The result is a layered portrait of a city shaped by successive waves of influence: Arab traders who anchored there centuries earlier; Portuguese fortifications; Dutch canals; British railways and administrative reforms; American missionaries; Indian diaspora merchants. Colombo becomes a living archive of overlapping worlds. Its Fort and Pettah districts are rendered not merely as neighborhoods but as palimpsests — spaces where architecture, language, and commerce testify to global entanglements.
One of the book’s quiet strengths is its sensitivity to transience. Many of the figures who passed through Colombo stayed only days, sometimes mere hours. Yet Kamalakaran argues, implicitly and persuasively, that brief encounters matter.
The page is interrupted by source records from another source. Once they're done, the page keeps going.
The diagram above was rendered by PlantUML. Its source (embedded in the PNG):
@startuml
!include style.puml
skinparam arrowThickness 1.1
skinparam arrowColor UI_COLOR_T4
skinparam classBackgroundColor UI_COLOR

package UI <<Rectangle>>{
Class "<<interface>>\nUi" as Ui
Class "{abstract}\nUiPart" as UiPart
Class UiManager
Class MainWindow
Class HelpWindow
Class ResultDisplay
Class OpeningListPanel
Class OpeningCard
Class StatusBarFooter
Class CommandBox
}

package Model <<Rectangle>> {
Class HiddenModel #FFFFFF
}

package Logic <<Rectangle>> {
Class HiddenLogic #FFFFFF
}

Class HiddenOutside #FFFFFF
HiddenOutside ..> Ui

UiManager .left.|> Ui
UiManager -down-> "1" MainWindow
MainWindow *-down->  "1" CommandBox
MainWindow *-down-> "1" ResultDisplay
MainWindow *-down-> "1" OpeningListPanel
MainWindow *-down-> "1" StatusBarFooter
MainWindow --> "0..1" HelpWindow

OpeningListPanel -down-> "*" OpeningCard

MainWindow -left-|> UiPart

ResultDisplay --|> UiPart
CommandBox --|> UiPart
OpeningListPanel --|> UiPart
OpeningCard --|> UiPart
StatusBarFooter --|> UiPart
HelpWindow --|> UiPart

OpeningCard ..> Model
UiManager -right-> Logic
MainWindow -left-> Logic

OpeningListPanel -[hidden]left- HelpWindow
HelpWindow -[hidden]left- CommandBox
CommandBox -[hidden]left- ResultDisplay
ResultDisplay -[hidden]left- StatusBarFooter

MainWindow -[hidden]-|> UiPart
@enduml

A port city exerts influence not by permanence but by passage. It shapes impressions, refracts assumptions, and inserts itself into diaries and memories that travel onward.
There is also something deeply contemporary about this project. Modern Colombo is often perceived as a gateway — a transit point for beach-bound tourists or a stopover en route to elsewhere. By resurrecting its steamship-era prominence, Kamalakaran challenges this diminished perception. He reminds readers that for decades, Colombo was not peripheral but central, not marginal but strategic. It was a place where global currents converged before dispersing again.
In doing so, he offers more than history. He offers perspective.
In a world once again defined by shifting geopolitical alliances, maritime routes, and economic corridors, the story of Colombo’s rise and transformation feels unexpectedly relevant. Ports are returning to prominence in global imagination. Sea lanes matter anew. And cities that once mediated empire now navigate postcolonial realities, economic reinvention, and national identity.
Kamalakaran’s prose is clear and controlled, allowing the archival voices he cites to shine without overwhelming the narrative. He balances anecdote with analysis, color with context. The pacing mirrors the rhythm of steamship travel itself — deliberate, immersive, attentive to detail.
By the book’s end, Colombo emerges not simply as a historical setting but as a character with agency and endurance. Empires have receded, political orders have shifted, economic crises have come and gone. Yet the essence of the port — its openness, its multiplicity, its capacity to absorb and reinterpret global currents — persists.
Colombo: Port of Call is an elegant reminder that history does not reside solely in capitals of power or battlefields of change. It resides in harbors, in hotels, in railway stations, in fleeting conversations between strangers who happen to share a shoreline for a moment.
In restoring Colombo to its rightful place in the narrative of global modernity, Ajay Kamalakaran has written more than a local history. He has written a meditation on connection — on the way cities shape journeys and journeys shape memory.
And in doing so, he ensures that the port where the world once paused will not be forgotten again.